* [Work required] Go through the data and copy each line that holds "name".

* [Provided records]
====
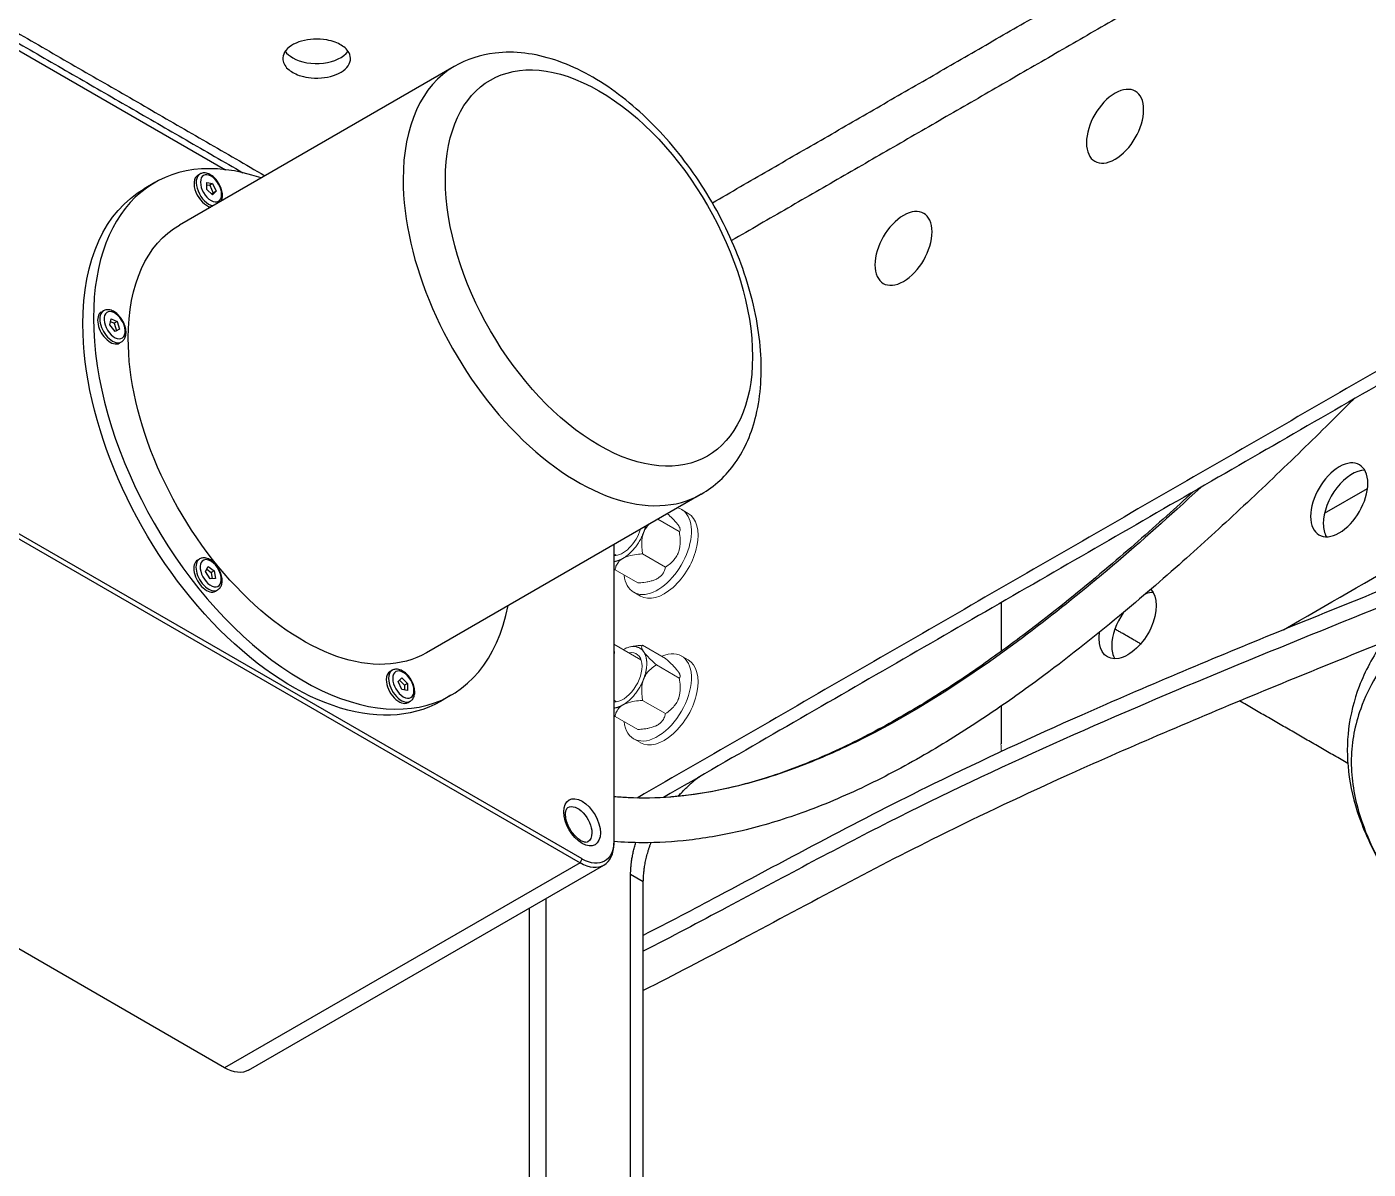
# Model space of a CAD drawing. Header units: millimetres. Extents: x 0 to 8410, y 0 to 5940.
# Drawn here: x 1125.6 to 1522.6, y 4687 to 5025.3 of the extents above; entities that cross this region are included whole.
import ezdxf

# ---------------------------------------------------------------- set-up
doc = ezdxf.new("R2010")
doc.units = ezdxf.units.MM
doc.header["$LTSCALE"] = 5
for name, color, linetype in [('EL3', 3, 'Continuous'), ('EL4', 4, 'Continuous'), ('EL7', 6, 'Continuous')]:
    doc.layers.add(name, color=color, linetype=linetype)

msp = doc.modelspace()

# ---------------------------------------------------------------- linework, layer by layer
at = {"color": 0, "linetype": 'Continuous', "lineweight": 0, "extrusion": (0.707107, 0.408248, 0.57735)}
for p, q in [((1319.38, 4882.39), (1321.37, 4881.25)), ((1312.39, 4879.52), (1318.71, 4875.87)), ((1318.91, 4876.9), (1319, 4876.65)), ((1299.37, 4869.29), (1300.19, 4868.82)), ((1307.87, 4869.24), (1314.63, 4865.35)), ((1299.71, 4864.53), (1306.46, 4860.63)), ((1310.01, 4861.09), (1309.23, 4860.94)), ((1305.23, 4857.88), (1307.22, 4856.74)), ((1299.37, 4842.54), (1307.39, 4837.91)), ((1304.33, 4841.74), (1305.11, 4841.88)), ((1307.87, 4842.19), (1314.63, 4838.3)), ((1311.96, 4836.38), (1318.71, 4832.49)), ((1319.38, 4839.01), (1321.37, 4837.86)), ((1318.91, 4833.51), (1319, 4833.27)), ((1299.37, 4825.9), (1300.19, 4825.43)), ((1307.87, 4825.86), (1314.63, 4821.96)), ((1299.71, 4821.14), (1306.46, 4817.24)), ((1310.01, 4817.7), (1309.23, 4817.56)), ((1305.23, 4814.5), (1307.22, 4813.35))]:
    msp.add_line(p, q, dxfattribs=at)
at = {"color": 0, "linetype": 'Continuous', "lineweight": 0, "extrusion": (-1.16467e-16, 3.51927e-17, -1)}
msp.add_ellipse((1312.31, 4870.14), major_axis=(7.08, 12.26), ratio=0.57735, start_param=-0.155427, end_param=3.804057, dxfattribs=at)
at = {"color": 0, "linetype": 'Continuous', "lineweight": 0}
for centre, major_axis, start_param, end_param in [((1314.29, 4868.99), (-7.08, -12.26), 0, 3.141593), ((1302.03, 4876.07), (-4.01, -6.94), 0.29629, 1.959357), ((1302.03, 4832.69), (-4.01, -6.94), 0.29629, 3.595989), ((1314.29, 4825.6), (-7.08, -12.26), 0, 3.141593)]:
    msp.add_ellipse(centre, major_axis=major_axis, ratio=0.57735, start_param=start_param, end_param=end_param, dxfattribs=at)
at = {"color": 0, "linetype": 'Continuous', "lineweight": 0, "extrusion": (-1.44222e-16, -1.28814e-17, -1)}
msp.add_ellipse((1294.41, 4837.09), major_axis=(-3.6, -6.24), ratio=0.57735, start_param=-2.588319, end_param=-2.12407, dxfattribs=at)
at = {"color": 0, "linetype": 'Continuous', "lineweight": 0, "extrusion": (-3.05044e-16, 2.08167e-16, -1)}
msp.add_ellipse((1312.31, 4826.75), major_axis=(7.08, 12.26), ratio=0.57735, start_param=-0.662464, end_param=3.804057, dxfattribs=at)
at = {"color": 0, "linetype": 'Continuous', "lineweight": 0, "extrusion": (-1.57104e-16, 1.86852e-16, -1)}
msp.add_ellipse((1426.48, 4820.19), major_axis=(8.85, 15.34), ratio=0.57735, start_param=-2.516984, end_param=-2.356194, dxfattribs=at)
at = {"color": 0, "linetype": 'Continuous', "lineweight": 0}
for points, knots in [([(1315.21, 4881.15), (1315.72, 4880.68), (1316.22, 4880.2), (1317.29, 4879.13), (1317.83, 4878.55), (1318.27, 4877.98), (1318.31, 4877.92), (1318.37, 4877.85), (1318.39, 4877.83), (1318.41, 4877.79), (1318.42, 4877.78), (1318.42, 4877.77)], [0.461618, 0.461618, 0.461618, 0.461618, 1.688809, 1.688809, 3.321649, 3.321649, 3.493345, 3.493345, 3.568524, 3.568524, 3.601267, 3.601267, 3.601267, 3.601267]), ([(1309.74, 4877.99), (1309.2, 4877.42), (1308.72, 4876.76), (1308.32, 4875.91), (1308.28, 4875.82), (1308.22, 4875.69), (1308.2, 4875.65), (1308.18, 4875.58), (1308.17, 4875.55), (1308.16, 4875.52)], [1.837063, 1.837063, 1.837063, 1.837063, 3.321866, 3.321866, 3.490576, 3.490576, 3.567191, 3.567191, 3.617027, 3.617027, 3.617027, 3.617027]), ([(1318.44, 4877.74), (1318.45, 4877.73), (1318.46, 4877.72), (1318.49, 4877.68), (1318.51, 4877.65), (1318.55, 4877.59), (1318.57, 4877.56), (1318.64, 4877.45), (1318.69, 4877.36), (1318.82, 4877.11), (1318.89, 4876.96), (1319.01, 4876.57), (1319.01, 4876.37), (1318.91, 4876.07), (1318.82, 4875.96), (1318.71, 4875.87)], [3.632729, 3.632729, 3.632729, 3.632729, 3.681711, 3.681711, 3.769744, 3.769744, 3.879, 3.879, 4.187152, 4.187152, 4.851847, 4.851847, 6.118117, 6.118117, 7.216598, 7.216598, 7.216598, 7.216598]), ([(1318.71, 4875.87), (1318.75, 4875.66), (1318.78, 4875.44), (1318.92, 4874.47), (1319, 4873.69), (1319, 4871.95), (1318.89, 4870.99), (1318.57, 4869.98), (1318.54, 4869.89), (1318.49, 4869.76), (1318.48, 4869.71), (1318.46, 4869.65), (1318.45, 4869.64), (1318.44, 4869.62)], [0, 0, 0, 0, 0.377233, 0.377233, 1.687862, 1.687862, 3.321866, 3.321866, 3.490576, 3.490576, 3.567191, 3.567191, 3.601296, 3.601296, 3.601296, 3.601296]), ([(1308.16, 4875.52), (1308.15, 4875.52), (1308.15, 4875.52), (1308.14, 4875.48), (1308.13, 4875.45), (1308.1, 4875.38), (1308.08, 4875.33), (1308.03, 4875.18), (1308, 4875.07), (1307.92, 4874.81), (1307.87, 4874.65), (1307.73, 4874.05), (1307.67, 4873.6), (1307.54, 4872.02), (1307.62, 4870.74), (1307.87, 4869.24)], [3.617027, 3.617027, 3.617027, 3.617027, 3.622193, 3.622193, 3.679526, 3.679526, 3.764967, 3.764967, 3.953818, 3.953818, 4.235453, 4.235453, 4.997216, 4.997216, 6.914269, 6.914269, 6.914269, 6.914269]), ([(1302.03, 4867.9), (1302, 4867.89), (1301.98, 4867.87), (1301.91, 4867.83), (1301.87, 4867.81), (1301.76, 4867.74), (1301.69, 4867.69), (1301.52, 4867.57), (1301.42, 4867.5), (1301.1, 4867.24), (1300.9, 4867.04), (1300.4, 4866.43), (1300.16, 4866), (1299.86, 4865.22), (1299.77, 4864.87), (1299.71, 4864.53)], [3.615888, 3.615888, 3.615888, 3.615888, 3.680117, 3.680117, 3.771576, 3.771576, 3.957492, 3.957492, 4.224418, 4.224418, 4.899029, 4.899029, 6.19686, 6.19686, 7.216491, 7.216491, 7.216491, 7.216491]), ([(1307.87, 4869.24), (1307.65, 4869.23), (1307.42, 4869.21), (1306.42, 4869.13), (1305.64, 4869.03), (1304.02, 4868.72), (1303.18, 4868.48), (1302.38, 4868.09), (1302.31, 4868.05), (1302.19, 4867.99), (1302.15, 4867.97), (1302.08, 4867.94), (1302.06, 4867.92), (1302.03, 4867.9), (1302.03, 4867.9), (1302.03, 4867.9)], [0, 0, 0, 0, 0.390942, 0.390942, 1.70681, 1.70681, 3.290399, 3.290399, 3.458722, 3.458722, 3.550802, 3.550802, 3.615521, 3.615521, 3.615888, 3.615888, 3.615888, 3.615888]), ([(1318.42, 4869.57), (1318.41, 4869.54), (1318.4, 4869.52), (1318.37, 4869.44), (1318.35, 4869.4), (1318.29, 4869.25), (1318.25, 4869.15), (1318.13, 4868.91), (1318.06, 4868.77), (1317.76, 4868.26), (1317.52, 4867.91), (1316.6, 4866.78), (1315.74, 4866.05), (1314.63, 4865.35)], [3.632759, 3.632759, 3.632759, 3.632759, 3.679526, 3.679526, 3.764967, 3.764967, 3.953818, 3.953818, 4.235453, 4.235453, 4.997216, 4.997216, 6.914269, 6.914269, 6.914269, 6.914269]), ([(1314.63, 4865.35), (1314.6, 4865.21), (1314.58, 4865.08), (1314.43, 4864.5), (1314.26, 4864.06), (1313.72, 4863.12), (1313.3, 4862.63), (1312.63, 4862.17), (1312.57, 4862.13), (1312.46, 4862.06), (1312.43, 4862.04), (1312.37, 4862.01), (1312.35, 4861.99), (1312.33, 4861.98)], [0, 0, 0, 0, 0.390942, 0.390942, 1.70681, 1.70681, 3.290399, 3.290399, 3.458722, 3.458722, 3.550802, 3.550802, 3.600153, 3.600153, 3.600153, 3.600153]), ([(1312.29, 4861.96), (1312.27, 4861.95), (1312.25, 4861.94), (1312.19, 4861.9), (1312.15, 4861.88), (1312.02, 4861.82), (1311.94, 4861.77), (1311.73, 4861.68), (1311.61, 4861.62), (1311.15, 4861.43), (1310.81, 4861.32), (1309.75, 4861.03), (1309, 4860.89), (1307.67, 4860.72), (1307.06, 4860.67), (1306.46, 4860.63)], [3.631623, 3.631623, 3.631623, 3.631623, 3.680117, 3.680117, 3.771576, 3.771576, 3.957492, 3.957492, 4.224418, 4.224418, 4.899029, 4.899029, 6.19686, 6.19686, 7.216491, 7.216491, 7.216491, 7.216491]), ([(1305.11, 4841.88), (1305.43, 4841.94), (1305.76, 4841.99), (1306.67, 4842.1), (1307.28, 4842.16), (1307.87, 4842.19)], [5.632661, 5.632661, 5.632661, 5.632661, 6.19686, 6.19686, 7.216491, 7.216491, 7.216491, 7.216491]), ([(1307.87, 4842.19), (1307.84, 4842.16), (1307.8, 4842.13), (1307.66, 4841.97), (1307.59, 4841.82), (1307.59, 4841.35), (1307.7, 4841.01), (1308.02, 4840.51), (1308.05, 4840.47), (1308.09, 4840.39), (1308.11, 4840.37), (1308.14, 4840.34), (1308.15, 4840.32), (1308.16, 4840.31)], [0, 0, 0, 0, 0.377318, 0.377318, 1.688809, 1.688809, 3.321649, 3.321649, 3.493345, 3.493345, 3.568524, 3.568524, 3.616998, 3.616998, 3.616998, 3.616998]), ([(1308.16, 4840.31), (1308.16, 4840.3), (1308.16, 4840.3), (1308.17, 4840.28), (1308.18, 4840.27), (1308.22, 4840.22), (1308.24, 4840.19), (1308.28, 4840.13), (1308.31, 4840.1), (1308.41, 4839.97), (1308.49, 4839.87), (1308.75, 4839.54), (1308.96, 4839.31), (1309.6, 4838.62), (1310.08, 4838.13), (1311.03, 4837.23), (1311.49, 4836.81), (1311.96, 4836.38)], [3.616998, 3.616998, 3.616998, 3.616998, 3.623819, 3.623819, 3.681711, 3.681711, 3.769744, 3.769744, 3.879, 3.879, 4.187152, 4.187152, 4.851847, 4.851847, 6.118117, 6.118117, 7.216598, 7.216598, 7.216598, 7.216598]), ([(1311.96, 4836.38), (1311.8, 4836.28), (1311.64, 4836.18), (1310.94, 4835.7), (1310.4, 4835.27), (1309.29, 4834.17), (1308.76, 4833.46), (1308.32, 4832.52), (1308.28, 4832.43), (1308.22, 4832.3), (1308.2, 4832.26), (1308.18, 4832.19), (1308.17, 4832.17), (1308.16, 4832.14)], [0, 0, 0, 0, 0.377233, 0.377233, 1.687862, 1.687862, 3.321866, 3.321866, 3.490576, 3.490576, 3.567191, 3.567191, 3.617027, 3.617027, 3.617027, 3.617027]), ([(1314.63, 4838.3), (1314.79, 4838.15), (1314.95, 4838.01), (1315.65, 4837.36), (1316.19, 4836.85), (1317.29, 4835.75), (1317.83, 4835.17), (1318.27, 4834.59), (1318.31, 4834.54), (1318.37, 4834.46), (1318.39, 4834.44), (1318.41, 4834.41), (1318.42, 4834.4), (1318.42, 4834.39)], [0, 0, 0, 0, 0.377318, 0.377318, 1.688809, 1.688809, 3.321649, 3.321649, 3.493345, 3.493345, 3.568524, 3.568524, 3.601267, 3.601267, 3.601267, 3.601267]), ([(1318.44, 4834.36), (1318.45, 4834.34), (1318.46, 4834.33), (1318.49, 4834.29), (1318.51, 4834.26), (1318.55, 4834.21), (1318.57, 4834.18), (1318.64, 4834.06), (1318.69, 4833.98), (1318.82, 4833.73), (1318.89, 4833.58), (1319.01, 4833.18), (1319.01, 4832.98), (1318.91, 4832.68), (1318.82, 4832.57), (1318.71, 4832.49)], [3.632729, 3.632729, 3.632729, 3.632729, 3.681711, 3.681711, 3.769744, 3.769744, 3.879, 3.879, 4.187152, 4.187152, 4.851847, 4.851847, 6.118117, 6.118117, 7.216598, 7.216598, 7.216598, 7.216598]), ([(1318.71, 4832.49), (1318.75, 4832.27), (1318.78, 4832.05), (1318.92, 4831.08), (1319, 4830.3), (1319, 4828.56), (1318.89, 4827.61), (1318.57, 4826.6), (1318.54, 4826.51), (1318.49, 4826.37), (1318.48, 4826.33), (1318.46, 4826.27), (1318.45, 4826.25), (1318.44, 4826.23)], [0, 0, 0, 0, 0.377233, 0.377233, 1.687862, 1.687862, 3.321866, 3.321866, 3.490576, 3.490576, 3.567191, 3.567191, 3.601296, 3.601296, 3.601296, 3.601296]), ([(1308.16, 4832.14), (1308.15, 4832.14), (1308.15, 4832.13), (1308.14, 4832.1), (1308.13, 4832.07), (1308.1, 4831.99), (1308.08, 4831.94), (1308.03, 4831.79), (1308, 4831.69), (1307.92, 4831.42), (1307.87, 4831.26), (1307.73, 4830.66), (1307.67, 4830.22), (1307.54, 4828.63), (1307.62, 4827.35), (1307.87, 4825.86)], [3.617027, 3.617027, 3.617027, 3.617027, 3.622193, 3.622193, 3.679526, 3.679526, 3.764967, 3.764967, 3.953818, 3.953818, 4.235453, 4.235453, 4.997216, 4.997216, 6.914269, 6.914269, 6.914269, 6.914269]), ([(1302.03, 4824.52), (1302, 4824.5), (1301.98, 4824.49), (1301.91, 4824.45), (1301.87, 4824.43), (1301.76, 4824.36), (1301.69, 4824.31), (1301.52, 4824.19), (1301.42, 4824.11), (1301.1, 4823.85), (1300.9, 4823.65), (1300.4, 4823.04), (1300.16, 4822.61), (1299.86, 4821.84), (1299.77, 4821.49), (1299.71, 4821.14)], [3.615888, 3.615888, 3.615888, 3.615888, 3.680117, 3.680117, 3.771576, 3.771576, 3.957492, 3.957492, 4.224418, 4.224418, 4.899029, 4.899029, 6.19686, 6.19686, 7.216491, 7.216491, 7.216491, 7.216491]), ([(1307.87, 4825.86), (1307.65, 4825.84), (1307.42, 4825.83), (1306.42, 4825.74), (1305.64, 4825.65), (1304.02, 4825.33), (1303.18, 4825.09), (1302.38, 4824.71), (1302.31, 4824.67), (1302.19, 4824.61), (1302.15, 4824.59), (1302.08, 4824.55), (1302.06, 4824.53), (1302.03, 4824.52), (1302.03, 4824.52), (1302.03, 4824.52)], [0, 0, 0, 0, 0.390942, 0.390942, 1.70681, 1.70681, 3.290399, 3.290399, 3.458722, 3.458722, 3.550802, 3.550802, 3.615521, 3.615521, 3.615888, 3.615888, 3.615888, 3.615888]), ([(1318.42, 4826.18), (1318.41, 4826.15), (1318.4, 4826.13), (1318.37, 4826.06), (1318.35, 4826.01), (1318.29, 4825.87), (1318.25, 4825.77), (1318.13, 4825.53), (1318.06, 4825.39), (1317.76, 4824.87), (1317.52, 4824.53), (1316.6, 4823.4), (1315.74, 4822.66), (1314.63, 4821.96)], [3.632759, 3.632759, 3.632759, 3.632759, 3.679526, 3.679526, 3.764967, 3.764967, 3.953818, 3.953818, 4.235453, 4.235453, 4.997216, 4.997216, 6.914269, 6.914269, 6.914269, 6.914269]), ([(1314.63, 4821.96), (1314.6, 4821.83), (1314.58, 4821.69), (1314.43, 4821.12), (1314.26, 4820.67), (1313.72, 4819.73), (1313.3, 4819.25), (1312.63, 4818.79), (1312.57, 4818.74), (1312.46, 4818.68), (1312.43, 4818.66), (1312.37, 4818.62), (1312.35, 4818.61), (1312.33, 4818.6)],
====
* [Solution for this exercise]
for name, color, linetype in [('EL3', 3, 'Continuous'), ('EL4', 4, 'Continuous'), ('EL7', 6, 'Continuous')]:
    doc.layers.add(name, color=color, linetype=linetype)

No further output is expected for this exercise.